▸ GOAL OF THE EXERCISE
Among the lines below, count those with "ezdxf". Give only the number.

Start of AVAILABLE DATA

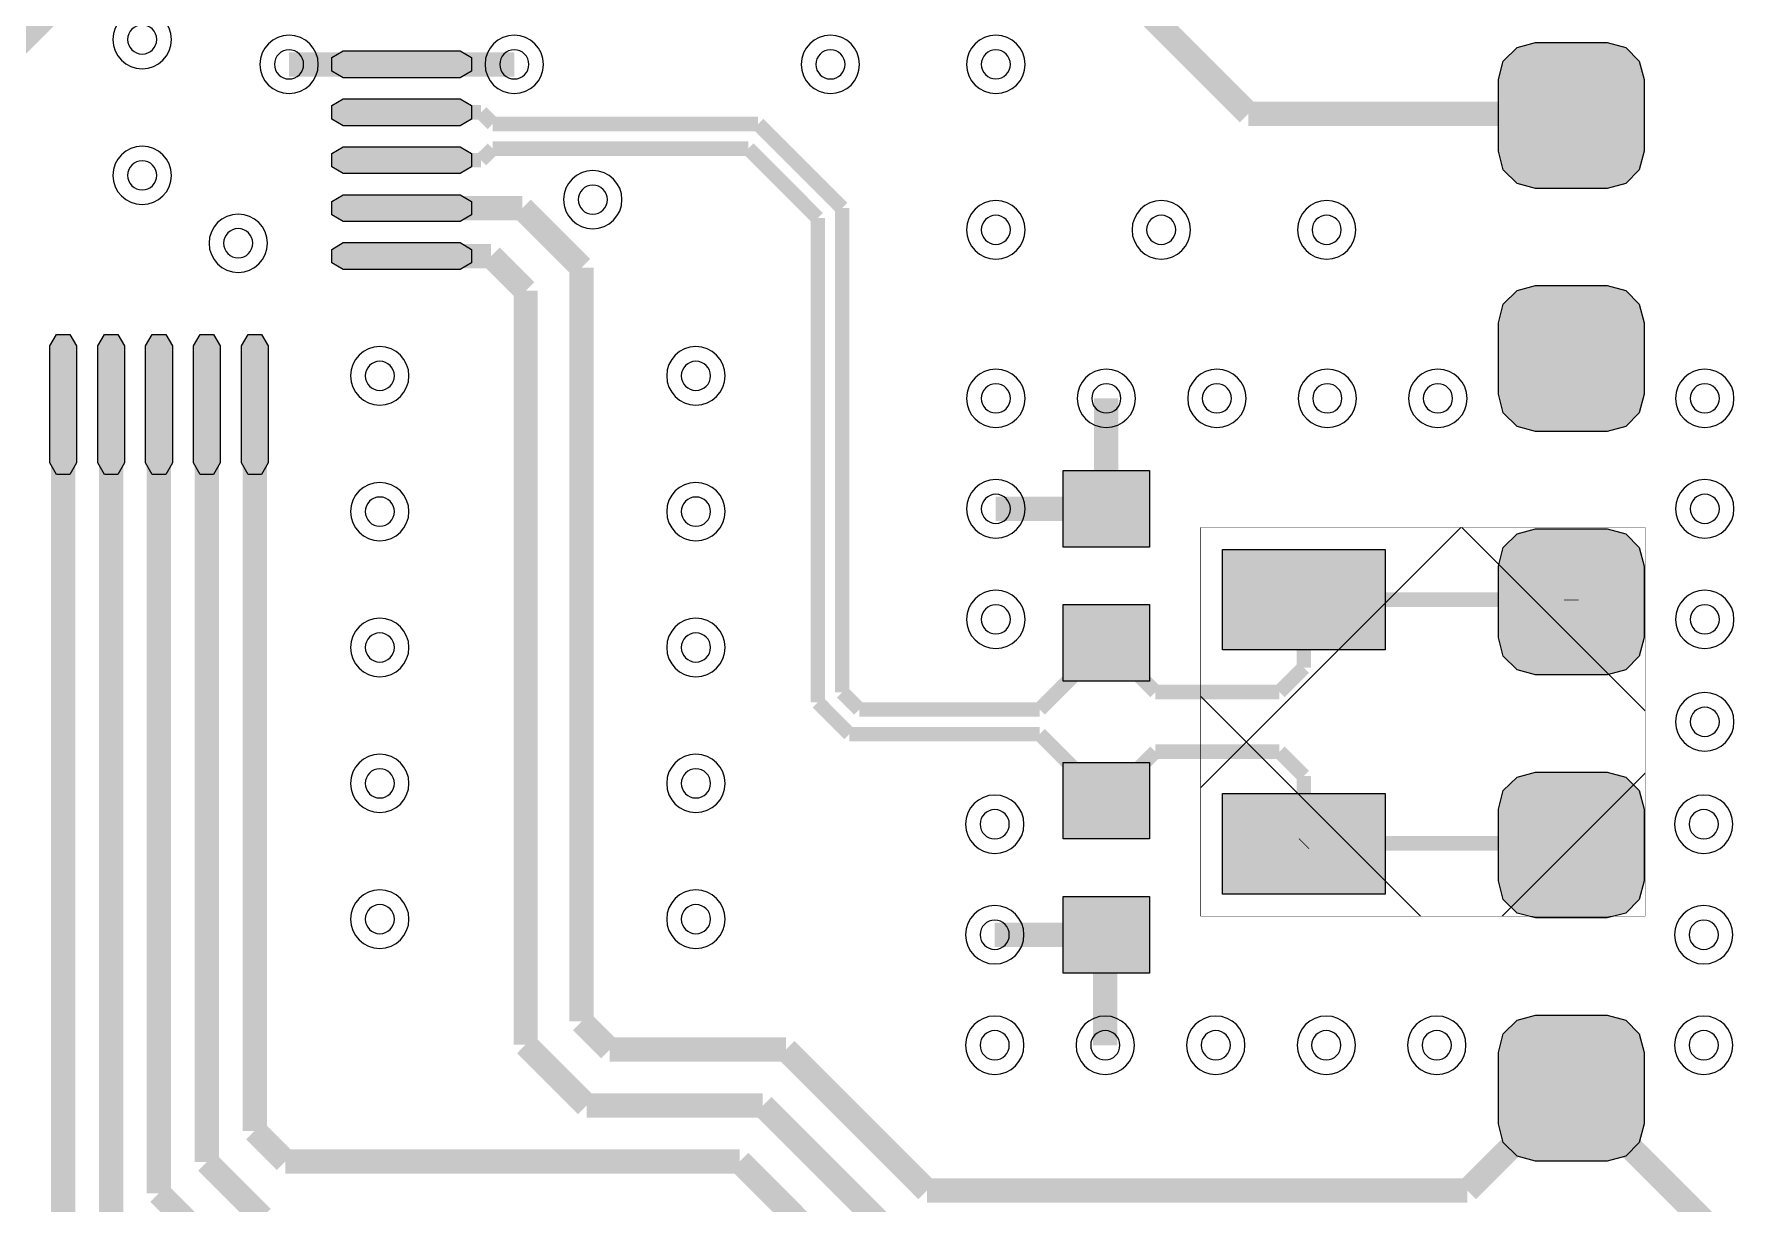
# Model space of a CAD drawing. Header units: millimetres. Extents: x -2 to 166, y 0 to 101.
# Drawn here: x 110.82 to 128.57, y 37.83 to 50.05 of the extents above; entities that cross this region are included whole.
import ezdxf

# ---------------------------------------------------------------- set-up
doc = ezdxf.new("R2010")
doc.units = ezdxf.units.MM
doc.header["$MEASUREMENT"] = 0
for name, color, linetype, true_color in [('Bottom-Layer', 7, 'Continuous', 0x0000ff), ('Hole-Layer', 7, 'Continuous', 0x222222), ('Multi-Layer', 7, 'Continuous', 0xc0c0c0), ('Top-Layer', 7, 'Continuous', 0xff0000)]:
    doc.layers.add(name, color=color, linetype=linetype, true_color=true_color)

msp = doc.modelspace()

# ---------------------------------------------------------------- hatches: boundary and pattern name
at = {"layer": 'Bottom-Layer'}
for points in [[(127.247, 48.44), (126.5, 48.44), (126.306, 48.492), (126.163, 48.634), (126.111, 48.829), (126.111, 49.576), (126.163, 49.77), (126.306, 49.912), (126.5, 49.964), (127.247, 49.964), (127.441, 49.912), (127.583, 49.77), (127.635, 49.576), (127.635, 48.829), (127.583, 48.634), (127.441, 48.492)], [(127.247, 45.9), (126.5, 45.9), (126.306, 45.952), (126.163, 46.094), (126.111, 46.289), (126.111, 47.036), (126.163, 47.23), (126.306, 47.372), (126.5, 47.424), (127.247, 47.424), (127.441, 47.372), (127.583, 47.23), (127.635, 47.036), (127.635, 46.289), (127.583, 46.094), (127.441, 45.952)], [(127.247, 43.36), (126.5, 43.36), (126.306, 43.412), (126.163, 43.554), (126.111, 43.749), (126.111, 44.496), (126.163, 44.69), (126.306, 44.832), (126.5, 44.884), (127.247, 44.884), (127.441, 44.832), (127.583, 44.69), (127.635, 44.496), (127.635, 43.749), (127.583, 43.554), (127.441, 43.412)], [(127.247, 40.82), (126.5, 40.82), (126.306, 40.872), (126.163, 41.014), (126.111, 41.209), (126.111, 41.955), (126.163, 42.15), (126.306, 42.292), (126.5, 42.344), (127.247, 42.344), (127.441, 42.292), (127.583, 42.15), (127.635, 41.955), (127.635, 41.209), (127.583, 41.014), (127.441, 40.872)], [(127.247, 38.28), (126.5, 38.28), (126.306, 38.332), (126.163, 38.474), (126.111, 38.669), (126.111, 39.415), (126.163, 39.61), (126.306, 39.752), (126.5, 39.804), (127.247, 39.804), (127.441, 39.752), (127.583, 39.61), (127.635, 39.415), (127.635, 38.669), (127.583, 38.474), (127.441, 38.332)]]:
    msp.add_hatch(color=256, dxfattribs=at).paths.add_polyline_path(points)
at = {"layer": 'Hole-Layer'}
for points in [[(126.348, 49.202, 1), (127.398, 49.202, 1)], [(126.348, 49.202, 1), (127.398, 49.202, 1)], [(126.348, 46.662, 1), (127.398, 46.662, 1)], [(126.348, 46.662, 1), (127.398, 46.662, 1)], [(126.348, 44.122, 1), (127.398, 44.122, 1)], [(126.348, 44.122, 1), (127.398, 44.122, 1)], [(126.348, 41.582, 1), (127.398, 41.582, 1)], [(126.348, 41.582, 1), (127.398, 41.582, 1)], [(126.348, 39.042, 1), (127.398, 39.042, 1)], [(126.348, 39.042, 1), (127.398, 39.042, 1)]]:
    msp.add_hatch(color=256, dxfattribs=at).paths.add_polyline_path(points)
at = {"layer": 'Multi-Layer'}
for points in [[(127.247, 48.44), (126.5, 48.44), (126.306, 48.492), (126.163, 48.634), (126.111, 48.829), (126.111, 49.576), (126.163, 49.77), (126.306, 49.912), (126.5, 49.964), (127.247, 49.964), (127.441, 49.912), (127.583, 49.77), (127.635, 49.576), (127.635, 48.829), (127.583, 48.634), (127.441, 48.492)], [(127.247, 48.44), (126.5, 48.44), (126.306, 48.492), (126.163, 48.634), (126.111, 48.829), (126.111, 49.576), (126.163, 49.77), (126.306, 49.912), (126.5, 49.964), (127.247, 49.964), (127.441, 49.912), (127.583, 49.77), (127.635, 49.576), (127.635, 48.829), (127.583, 48.634), (127.441, 48.492)], [(127.247, 48.44), (126.5, 48.44), (126.306, 48.492), (126.163, 48.634), (126.111, 48.829), (126.111, 49.576), (126.163, 49.77), (126.306, 49.912), (126.5, 49.964), (127.247, 49.964), (127.441, 49.912), (127.583, 49.77), (127.635, 49.576), (127.635, 48.829), (127.583, 48.634), (127.441, 48.492)], [(127.247, 45.9), (126.5, 45.9), (126.306, 45.952), (126.163, 46.094), (126.111, 46.289), (126.111, 47.036), (126.163, 47.23), (126.306, 47.372), (126.5, 47.424), (127.247, 47.424), (127.441, 47.372), (127.583, 47.23), (127.635, 47.036), (127.635, 46.289), (127.583, 46.094), (127.441, 45.952)], [(127.247, 45.9), (126.5, 45.9), (126.306, 45.952), (126.163, 46.094), (126.111, 46.289), (126.111, 47.036), (126.163, 47.23), (126.306, 47.372), (126.5, 47.424), (127.247, 47.424), (127.441, 47.372), (127.583, 47.23), (127.635, 47.036), (127.635, 46.289), (127.583, 46.094), (127.441, 45.952)], [(127.247, 45.9), (126.5, 45.9), (126.306, 45.952), (126.163, 46.094), (126.111, 46.289), (126.111, 47.036), (126.163, 47.23), (126.306, 47.372), (126.5, 47.424), (127.247, 47.424), (127.441, 47.372), (127.583, 47.23), (127.635, 47.036), (127.635, 46.289), (127.583, 46.094), (127.441, 45.952)], [(127.247, 43.36), (126.5, 43.36), (126.306, 43.412), (126.163, 43.554), (126.111, 43.749), (126.111, 44.496), (126.163, 44.69), (126.306, 44.832), (126.5, 44.884), (127.247, 44.884), (127.441, 44.832), (127.583, 44.69), (127.635, 44.496), (127.635, 43.749), (127.583, 43.554), (127.441, 43.412)], [(127.247, 43.36), (126.5, 43.36), (126.306, 43.412), (126.163, 43.554), (126.111, 43.749), (126.111, 44.496), (126.163, 44.69), (126.306, 44.832), (126.5, 44.884), (127.247, 44.884), (127.441, 44.832), (127.583, 44.69), (127.635, 44.496), (127.635, 43.749), (127.583, 43.554), (127.441, 43.412)], [(127.247, 43.36), (126.5, 43.36), (126.306, 43.412), (126.163, 43.554), (126.111, 43.749), (126.111, 44.496), (126.163, 44.69), (126.306, 44.832), (126.5, 44.884), (127.247, 44.884), (127.441, 44.832), (127.583, 44.69), (127.635, 44.496), (127.635, 43.749), (127.583, 43.554), (127.441, 43.412)], [(127.247, 40.82), (126.5, 40.82), (126.306, 40.872), (126.163, 41.014), (126.111, 41.209), (126.111, 41.955), (126.163, 42.15), (126.306, 42.292), (126.5, 42.344), (127.247, 42.344), (127.441, 42.292), (127.583, 42.15), (127.635, 41.955), (127.635, 41.209), (127.583, 41.014), (127.441, 40.872)], [(127.247, 40.82), (126.5, 40.82), (126.306, 40.872), (126.163, 41.014), (126.111, 41.209), (126.111, 41.955), (126.163, 42.15), (126.306, 42.292), (126.5, 42.344), (127.247, 42.344), (127.441, 42.292), (127.583, 42.15), (127.635, 41.955), (127.635, 41.209), (127.583, 41.014), (127.441, 40.872)], [(127.247, 40.82), (126.5, 40.82), (126.306, 40.872), (126.163, 41.014), (126.111, 41.209), (126.111, 41.955), (126.163, 42.15), (126.306, 42.292), (126.5, 42.344), (127.247, 42.344), (127.441, 42.292), (127.583, 42.15), (127.635, 41.955), (127.635, 41.209), (127.583, 41.014), (127.441, 40.872)], [(127.247, 38.28), (126.5, 38.28), (126.306, 38.332), (126.163, 38.474), (126.111, 38.669), (126.111, 39.415), (126.163, 39.61), (126.306, 39.752), (126.5, 39.804), (127.247, 39.804), (127.441, 39.752), (127.583, 39.61), (127.635, 39.415), (127.635, 38.669), (127.583, 38.474), (127.441, 38.332)], [(127.247, 38.28), (126.5, 38.28), (126.306, 38.332), (126.163, 38.474), (126.111, 38.669), (126.111, 39.415), (126.163, 39.61), (126.306, 39.752), (126.5, 39.804), (127.247, 39.804), (127.441, 39.752), (127.583, 39.61), (127.635, 39.415), (127.635, 38.669), (127.583, 38.474), (127.441, 38.332)], [(127.247, 38.28), (126.5, 38.28), (126.306, 38.332), (126.163, 38.474), (126.111, 38.669), (126.111, 39.415), (126.163, 39.61), (126.306, 39.752), (126.5, 39.804), (127.247, 39.804), (127.441, 39.752), (127.583, 39.61), (127.635, 39.415), (127.635, 38.669), (127.583, 38.474), (127.441, 38.332)]]:
    msp.add_hatch(color=256, dxfattribs=at).paths.add_polyline_path(points)
h = msp.add_hatch(dxfattribs=at)
h.set_pattern_fill('ANSI37', color=256, style=0)
h.set_pattern_definition([(45, (0, 0), (-2.245064, 2.245064), []), (135, (0, 0), (-2.245064, -2.245064), [])])
h.paths.add_polyline_path([(123.001, 40.84), (123.001, 44.898), (127.644, 44.898), (127.644, 40.84)])
at = {"layer": 'Top-Layer'}
for points in [[(127.247, 48.44), (126.5, 48.44), (126.306, 48.492), (126.163, 48.634), (126.111, 48.829), (126.111, 49.576), (126.163, 49.77), (126.306, 49.912), (126.5, 49.964), (127.247, 49.964), (127.441, 49.912), (127.583, 49.77), (127.635, 49.576), (127.635, 48.829), (127.583, 48.634), (127.441, 48.492)], [(115.266, 49.875), (115.387, 49.805), (115.387, 49.665), (115.266, 49.595), (114.046, 49.595), (113.925, 49.665), (113.925, 49.805), (114.046, 49.875)], [(115.266, 49.374), (115.387, 49.304), (115.387, 49.164), (115.266, 49.094), (114.046, 49.094), (113.925, 49.164), (113.925, 49.304), (114.046, 49.374)], [(115.266, 48.874), (115.387, 48.804), (115.387, 48.664), (115.266, 48.594), (114.046, 48.594), (113.925, 48.664), (113.925, 48.804), (114.046, 48.874)], [(115.266, 48.373), (115.387, 48.303), (115.387, 48.163), (115.266, 48.093), (114.046, 48.093), (113.925, 48.163), (113.925, 48.303), (114.046, 48.373)], [(115.266, 47.873), (115.387, 47.803), (115.387, 47.663), (115.266, 47.593), (114.046, 47.593), (113.925, 47.663), (113.925, 47.803), (114.046, 47.873)], [(127.247, 45.9), (126.5, 45.9), (126.306, 45.952), (126.163, 46.094), (126.111, 46.289), (126.111, 47.036), (126.163, 47.23), (126.306, 47.372), (126.5, 47.424), (127.247, 47.424), (127.441, 47.372), (127.583, 47.23), (127.635, 47.036), (127.635, 46.289), (127.583, 46.094), (127.441, 45.952)], [(110.98, 46.794), (111.05, 46.915), (111.19, 46.915), (111.26, 46.794), (111.26, 45.574), (111.19, 45.452), (111.05, 45.452), (110.98, 45.574)], [(111.481, 46.794), (111.551, 46.915), (111.691, 46.915), (111.761, 46.794), (111.761, 45.574), (111.691, 45.452), (111.551, 45.452), (111.481, 45.574)], [(111.981, 46.794), (112.051, 46.915), (112.191, 46.915), (112.261, 46.794), (112.261, 45.574), (112.191, 45.452), (112.051, 45.452), (111.981, 45.574)], [(112.481, 46.794), (112.551, 46.915), (112.691, 46.915), (112.761, 46.794), (112.761, 45.574), (112.691, 45.452), (112.551, 45.452), (112.481, 45.574)], [(112.982, 46.794), (113.052, 46.915), (113.192, 46.915), (113.262, 46.794), (113.262, 45.574), (113.192, 45.452), (113.052, 45.452), (112.982, 45.574)], [(121.566, 45.493), (122.466, 45.493), (122.466, 44.693), (121.566, 44.693)], [(127.247, 43.36), (126.5, 43.36), (126.306, 43.412), (126.163, 43.554), (126.111, 43.749), (126.111, 44.496), (126.163, 44.69), (126.306, 44.832), (126.5, 44.884), (127.247, 44.884), (127.441, 44.832), (127.583, 44.69), (127.635, 44.496), (127.635, 43.749), (127.583, 43.554), (127.441, 43.412)], [(124.929, 43.619), (123.229, 43.619), (123.229, 44.669), (124.929, 44.669)], [(121.566, 44.093), (122.466, 44.093), (122.466, 43.293), (121.566, 43.293)], [(122.466, 41.645), (121.566, 41.645), (121.566, 42.445), (122.466, 42.445)], [(127.247, 40.82), (126.5, 40.82), (126.306, 40.872), (126.163, 41.014), (126.111, 41.209), (126.111, 41.955), (126.163, 42.15), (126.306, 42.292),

End of AVAILABLE DATA

▸ YOUR RESPONSE
3